-- TASK REQUIREMENTS --
Starting at the first line of the entries below, please return exactly each line up to and including the one with "for radius, start, end"; pictures stay out.

(Saved entries)
- Opening Delimiter -

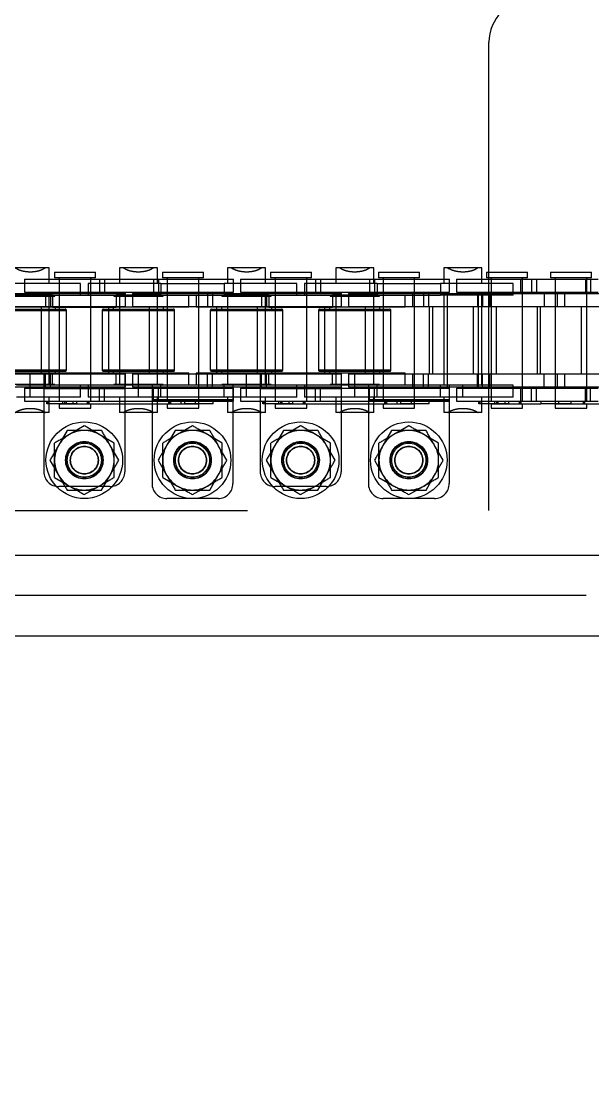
# Model space of a CAD drawing. Header units: metres. Extents: x 0 to 21025, y 0 to 14850.
# Drawn here: x 6236 to 6303.2, y 8995.4 to 9118.9 of the extents above; entities that cross this region are included whole.
import ezdxf

# ---------------------------------------------------------------- set-up
doc = ezdxf.new("R2010")
doc.units = ezdxf.units.M
doc.header["$LTSCALE"] = 25
doc.linetypes.add('HIDDEN2', pattern=[4.7625, 3.175, -1.5875])
for name, color, linetype in [('SL1', 8, 'Continuous'), ('SL4', 4, 'Continuous'), ('ST1', 7, 'HIDDEN2')]:
    doc.layers.add(name, color=color, linetype=linetype)

msp = doc.modelspace()

# ---------------------------------------------------------------- linework, layer by layer
at = {"layer": 'SL1'}
for radius, start, end in [(1215.5, 107.106787, 166.785047), (1170.7, 106.690475, 164.690823), (1164.35, 106.913784, 164.513299), (1158.35, 107.10294, 164.435358)]:
    msp.add_arc((6782.517, 8419.394), radius, start, end, dxfattribs=at)
at = {"layer": 'SL4'}
for p, q in [((5540.514, 9056.144), (6330.277, 9056.144)), ((6490.517, 9046.619), (5540.514, 9046.619))]:
    msp.add_line(p, q, dxfattribs=at)
at = {"layer": 'ST1'}
for p, q in [((6290.989, 9061.384), (6290.989, 9116.384)), ((6238.909, 9089.884), (6235.349, 9089.884)), ((6239.354, 9089.884), (6238.909, 9089.884)), ((6239.354, 9088.059), (6239.354, 9089.884)), ((6248.049, 9089.884), (6247.604, 9089.884)), ((6247.604, 9089.884), (6247.604, 9088.059)), ((6251.609, 9089.884), (6248.049, 9089.884)), ((6252.054, 9089.884), (6251.609, 9089.884)), ((6252.054, 9088.059), (6252.054, 9089.884)), ((6260.749, 9089.884), (6260.304, 9089.884)), ((6260.304, 9089.884), (6260.304, 9088.059)), ((6264.309, 9089.884), (6260.749, 9089.884)), ((6260.749, 9089.884), (6260.937, 9089.774)), ((6264.754, 9089.884), (6264.309, 9089.884)), ((6264.754, 9088.059), (6264.754, 9089.884)), ((6273.449, 9089.884), (6273.004, 9089.884)), ((6273.004, 9089.884), (6273.004, 9088.059)), ((6277.009, 9089.884), (6273.449, 9089.884)), ((6277.454, 9089.884), (6277.009, 9089.884)), ((6277.454, 9088.059), (6277.454, 9089.884)), ((6286.149, 9089.884), (6285.704, 9089.884)), ((6285.704, 9089.884), (6285.704, 9088.059)), ((6289.709, 9089.884), (6286.149, 9089.884)), ((6286.149, 9089.884), (6286.337, 9089.774)), ((6290.154, 9089.884), (6289.709, 9089.884)), ((6290.154, 9088.059), (6290.154, 9089.884)), ((6239.989, 9089.384), (6244.786, 9089.384)), ((6239.989, 9089.384), (6239.989, 9088.725)), ((6239.993, 9088.725), (6239.989, 9088.725)), ((6244.786, 9088.725), (6239.993, 9088.725)), ((6240.542, 9088.725), (6240.542, 9074.227)), ((6244.232, 9074.227), (6244.232, 9088.725)), ((6244.786, 9088.725), (6244.786, 9089.384)), ((6252.667, 9089.384), (6257.464, 9089.384)), ((6252.667, 9089.384), (6252.667, 9088.725)), ((6252.671, 9088.725), (6252.667, 9088.725)), ((6257.464, 9088.725), (6252.671, 9088.725)), ((6253.22, 9088.725), (6253.22, 9074.227)), ((6256.91, 9074.227), (6256.91, 9088.725)), ((6257.464, 9088.725), (6257.464, 9089.384)), ((6265.345, 9089.384), (6270.142, 9089.384)), ((6265.345, 9089.384), (6265.345, 9088.725)), ((6265.349, 9088.725), (6265.345, 9088.725)), ((6270.142, 9088.725), (6265.349, 9088.725)), ((6265.899, 9088.725), (6265.899, 9074.227)), ((6269.589, 9074.227), (6269.589, 9088.725)), ((6270.142, 9088.725), (6270.142, 9089.384)), ((6278.023, 9089.384), (6282.82, 9089.384)), ((6278.023, 9089.384), (6278.023, 9088.725)), ((6278.027, 9088.725), (6278.023, 9088.725)), ((6282.82, 9088.725), (6278.027, 9088.725)), ((6278.577, 9088.725), (6278.577, 9074.227)), ((6282.267, 9074.227), (6282.267, 9088.725)), ((6282.82, 9088.725), (6282.82, 9089.384)), ((6290.702, 9089.384), (6295.499, 9089.384)), ((6290.702, 9089.384), (6290.702, 9088.725)), ((6290.706, 9088.725), (6290.702, 9088.725)), ((6295.499, 9088.725), (6290.706, 9088.725)), ((6291.255, 9088.725), (6291.255, 9074.227)), ((6294.945, 9074.227), (6294.945, 9088.725)), ((6295.499, 9088.725), (6295.499, 9089.384)), ((6298.231, 9089.384), (6303.028, 9089.384)), ((6298.231, 9089.384), (6298.231, 9088.725)), ((6303.028, 9088.725), (6298.231, 9088.725)), ((6298.784, 9088.725), (6298.784, 9074.227)), ((6302.474, 9074.227), (6302.474, 9088.725)), ((6303.028, 9088.725), (6303.028, 9089.384)), ((6243.034, 9088.059), (6234.507, 9088.059)), ((6236.467, 9088.541), (6245.849, 9088.541)), ((6236.467, 9088.541), (6236.467, 9087.021)), ((6240.542, 9088.541), (6240.542, 9087.021)), ((6243.034, 9086.659), (6243.034, 9088.059)), ((6252.451, 9088.059), (6243.924, 9088.059)), ((6243.924, 9088.059), (6243.924, 9086.659)), ((6244.232, 9087.021), (6244.232, 9088.541)), ((6245.265, 9088.541), (6245.265, 9087.021)), ((6245.849, 9088.541), (6245.849, 9087.021)), ((6245.849, 9088.541), (6252.188, 9088.541)), ((6251.604, 9088.541), (6251.604, 9087.021)), ((6252.188, 9088.541), (6252.188, 9087.021)), ((6252.188, 9088.541), (6260.985, 9088.541)), ((6252.451, 9088.059), (6252.451, 9086.659)), ((6252.451, 9088.059), (6252.451, 9086.659)), ((6252.451, 9088.059), (6259.907, 9088.059)), ((6253.22, 9088.541), (6253.22, 9087.021)), ((6256.91, 9087.021), (6256.91, 9088.541)), ((6259.907, 9088.059), (6259.907, 9086.659)), ((6268.434, 9088.059), (6259.907, 9088.059)), ((6259.907, 9088.059), (6259.907, 9086.659)), ((6260.985, 9087.021), (6260.985, 9088.541)), ((6261.824, 9088.541), (6271.205, 9088.541)), ((6261.824, 9088.541), (6261.824, 9087.021)), ((6265.899, 9088.541), (6265.899, 9087.021)), ((6268.434, 9086.659), (6268.434, 9088.059)), ((6277.851, 9088.059), (6269.324, 9088.059)), ((6269.324, 9088.059), (6269.324, 9086.659)), ((6269.589, 9087.021), (6269.589, 9088.541)), ((6270.621, 9088.541), (6270.621, 9087.021)), ((6271.205, 9088.541), (6271.205, 9087.021)), ((6271.205, 9088.541), (6277.544, 9088.541)), ((6276.96, 9088.541), (6276.96, 9087.021)), ((6277.544, 9088.541), (6277.544, 9087.021)), ((6277.544, 9088.541), (6286.342, 9088.541)), ((6277.851, 9088.059), (6277.851, 9086.659)), ((6277.851, 9088.059), (6277.851, 9086.659)), ((6277.851, 9088.059), (6285.307, 9088.059)), ((6278.577, 9088.541), (6278.577, 9087.021)), ((6282.267, 9087.021), (6282.267, 9088.541)), ((6285.307, 9088.059), (6285.307, 9086.659)), ((6293.834, 9088.059), (6285.307, 9088.059)), ((6285.307, 9088.059), (6285.307, 9086.659)), ((6286.342, 9087.021), (6286.342, 9088.541)), ((6287.18, 9088.541), (6294.709, 9088.541)), ((6287.18, 9088.541), (6287.18, 9087.021)), ((6291.255, 9088.541), (6291.255, 9087.021)), ((6293.834, 9086.659), (6293.834, 9088.059)), ((6294.709, 9088.541), (6303.804, 9088.541)), ((6294.709, 9088.541), (6294.709, 9087.021)), ((6294.945, 9087.021), (6294.945, 9088.541)), ((6295.978, 9088.541), (6295.978, 9087.021)), ((6296.562, 9088.541), (6296.562, 9087.021)), ((6298.784, 9088.541), (6298.784, 9087.021)), ((6302.317, 9088.541), (6302.317, 9087.021)), ((6302.474, 9087.021), (6302.474, 9088.541)), ((6302.901, 9088.541), (6302.901, 9087.021)), ((6233.17, 9086.869), (6239.51, 9086.869)), ((6234.237, 9086.57), (6240.022, 9086.57)), ((6239.751, 9086.659), (6234.507, 9086.659)), ((6236.467, 9087.021), (6245.849, 9087.021)), ((6238.925, 9086.869), (6238.925, 9085.349)), ((6239.354, 9076.109), (6239.354, 9086.659)), ((6239.354, 9086.57), (6239.443, 9086.659)), ((6239.354, 9076.198), (6239.354, 9086.57)), ((6239.51, 9086.869), (6239.51, 9085.349)), ((6239.51, 9086.869), (6248.307, 9086.869)), ((6239.751, 9086.659), (6239.751, 9085.259)), ((6239.751, 9086.659), (6239.751, 9085.259)), ((6239.751, 9086.659), (6247.207, 9086.659)), ((6240.022, 9086.57), (6239.933, 9086.659)), ((6240.022, 9086.57), (6240.022, 9086.659)), ((6240.542, 9086.869), (6240.542, 9085.349)), ((6244.232, 9085.349), (6244.232, 9086.869)), ((6245.849, 9087.021), (6252.188, 9087.021)), ((6247.026, 9086.659), (6246.937, 9086.57)), ((6246.937, 9086.659), (6246.937, 9086.57)), ((6246.937, 9086.57), (6252.722, 9086.57)), ((6252.451, 9086.659), (6247.207, 9086.659)), ((6247.207, 9086.659), (6247.207, 9085.259)), ((6252.451, 9086.659), (6247.207, 9086.659)), ((6247.207, 9086.659), (6247.207, 9085.259)), ((6247.515, 9086.659), (6247.604, 9086.57)), ((6247.604, 9086.659), (6247.604, 9076.109)), ((6247.604, 9086.57), (6247.604, 9076.198)), ((6248.307, 9085.349), (6248.307, 9086.869)), ((6249.145, 9086.869), (6258.527, 9086.869)), ((6249.145, 9086.869), (6249.145, 9085.349)), ((6252.054, 9076.109), (6252.054, 9086.659)), ((6252.054, 9086.57), (6252.143, 9086.659)), ((6252.054, 9076.198), (6252.054, 9086.57)), ((6252.188, 9087.021), (6260.985, 9087.021)), ((6252.451, 9086.659), (6259.907, 9086.659)), ((6252.722, 9086.57), (6252.633, 9086.659)), ((6252.722, 9086.57), (6252.722, 9086.659)), ((6253.22, 9086.869), (6253.22, 9085.349)), ((6255.734, 9085.259), (6255.734, 9086.659)), ((6256.624, 9086.659), (6256.624, 9085.259)), ((6256.91, 9085.349), (6256.91, 9086.869)), ((6257.943, 9086.869), (6257.943, 9085.349)), ((6258.527, 9086.869), (6258.527, 9085.349)), ((6258.527, 9086.869), (6264.866, 9086.869)), ((6259.637, 9086.659), (6259.637, 9086.57)), ((6259.726, 9086.659), (6259.637, 9086.57)), ((6259.637, 9086.57), (6265.422, 9086.57)), ((6265.151, 9086.659), (6259.907, 9086.659)), ((6265.151, 9086.659), (6259.907, 9086.659)), ((6260.215, 9086.659), (6260.304, 9086.57)), ((6260.304, 9086.659), (6260.304, 9076.109)), ((6260.304, 9086.57), (6260.304, 9076.198)), ((6261.824, 9087.021), (6271.205, 9087.021)), ((6264.282, 9086.869), (6264.282, 9085.349)), ((6264.754, 9076.109), (6264.754, 9086.659)), ((6264.754, 9086.57), (6264.843, 9086.659)), ((6264.754, 9076.198), (6264.754, 9086.57)), ((6264.866, 9086.869), (6264.866, 9085.349)), ((6264.866, 9086.869), (6273.664, 9086.869)), ((6265.151, 9086.659), (6265.151, 9085.259)), ((6265.151, 9086.659), (6265.151, 9085.259)), ((6265.151, 9086.659), (6272.607, 9086.659)), ((6265.422, 9086.57), (6265.333, 9086.659)), ((6265.422, 9086.57), (6265.422, 9086.659)), ((6265.899, 9086.869), (6265.899, 9085.349)), ((6269.589, 9085.349), (6269.589, 9086.869)), ((6271.205, 9087.021), (6277.544, 9087.021)), ((6272.426, 9086.659), (6272.337, 9086.57)), ((6272.337, 9086.659), (6272.337, 9086.57)), ((6272.337, 9086.57), (6278.122, 9086.57)), ((6277.851, 9086.659), (6272.607, 9086.659)), ((6272.607, 9086.659), (6272.607, 9085.259)), ((6272.607, 9086.659), (6272.607, 9085.259)), ((6277.851, 9086.659), (6272.607, 9086.659)), ((6272.915, 9086.659), (6273.004, 9086.57)), ((6273.004, 9086.659), (6273.004, 9076.109)), ((6273.004, 9086.57), (6273.004, 9076.198)), ((6273.664, 9085.349), (6273.664, 9086.869)), ((6274.502, 9086.869), (6282.009, 9086.869)), ((6274.502, 9086.869), (6274.502, 9085.349)), ((6277.454, 9076.109), (6277.454, 9086.659)), ((6277.454, 9086.57), (6277.543, 9086.659)), ((6277.454, 9076.198), (6277.454, 9086.57)), ((6277.544, 9087.021), (6286.342, 9087.021)), ((6277.851, 9086.659), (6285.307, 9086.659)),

- Closing Delimiter -

-- EXERCISE RESULT --
# Model space of a CAD drawing. Header units: metres. Extents: x 0 to 21025, y 0 to 14850.
# Drawn here: x 6236 to 6303.2, y 8995.4 to 9118.9 of the extents above; entities that cross this region are included whole.
import ezdxf

# ---------------------------------------------------------------- set-up
doc = ezdxf.new("R2010")
doc.units = ezdxf.units.M
doc.header["$LTSCALE"] = 25
doc.linetypes.add('HIDDEN2', pattern=[4.7625, 3.175, -1.5875])
for name, color, linetype in [('SL1', 8, 'Continuous'), ('SL4', 4, 'Continuous'), ('ST1', 7, 'HIDDEN2')]:
    doc.layers.add(name, color=color, linetype=linetype)

msp = doc.modelspace()

# ---------------------------------------------------------------- linework, layer by layer
at = {"layer": 'SL1'}
for radius, start, end in [(1215.5, 107.106787, 166.785047), (1170.7, 106.690475, 164.690823), (1164.35, 106.913784, 164.513299), (1158.35, 107.10294, 164.435358)]:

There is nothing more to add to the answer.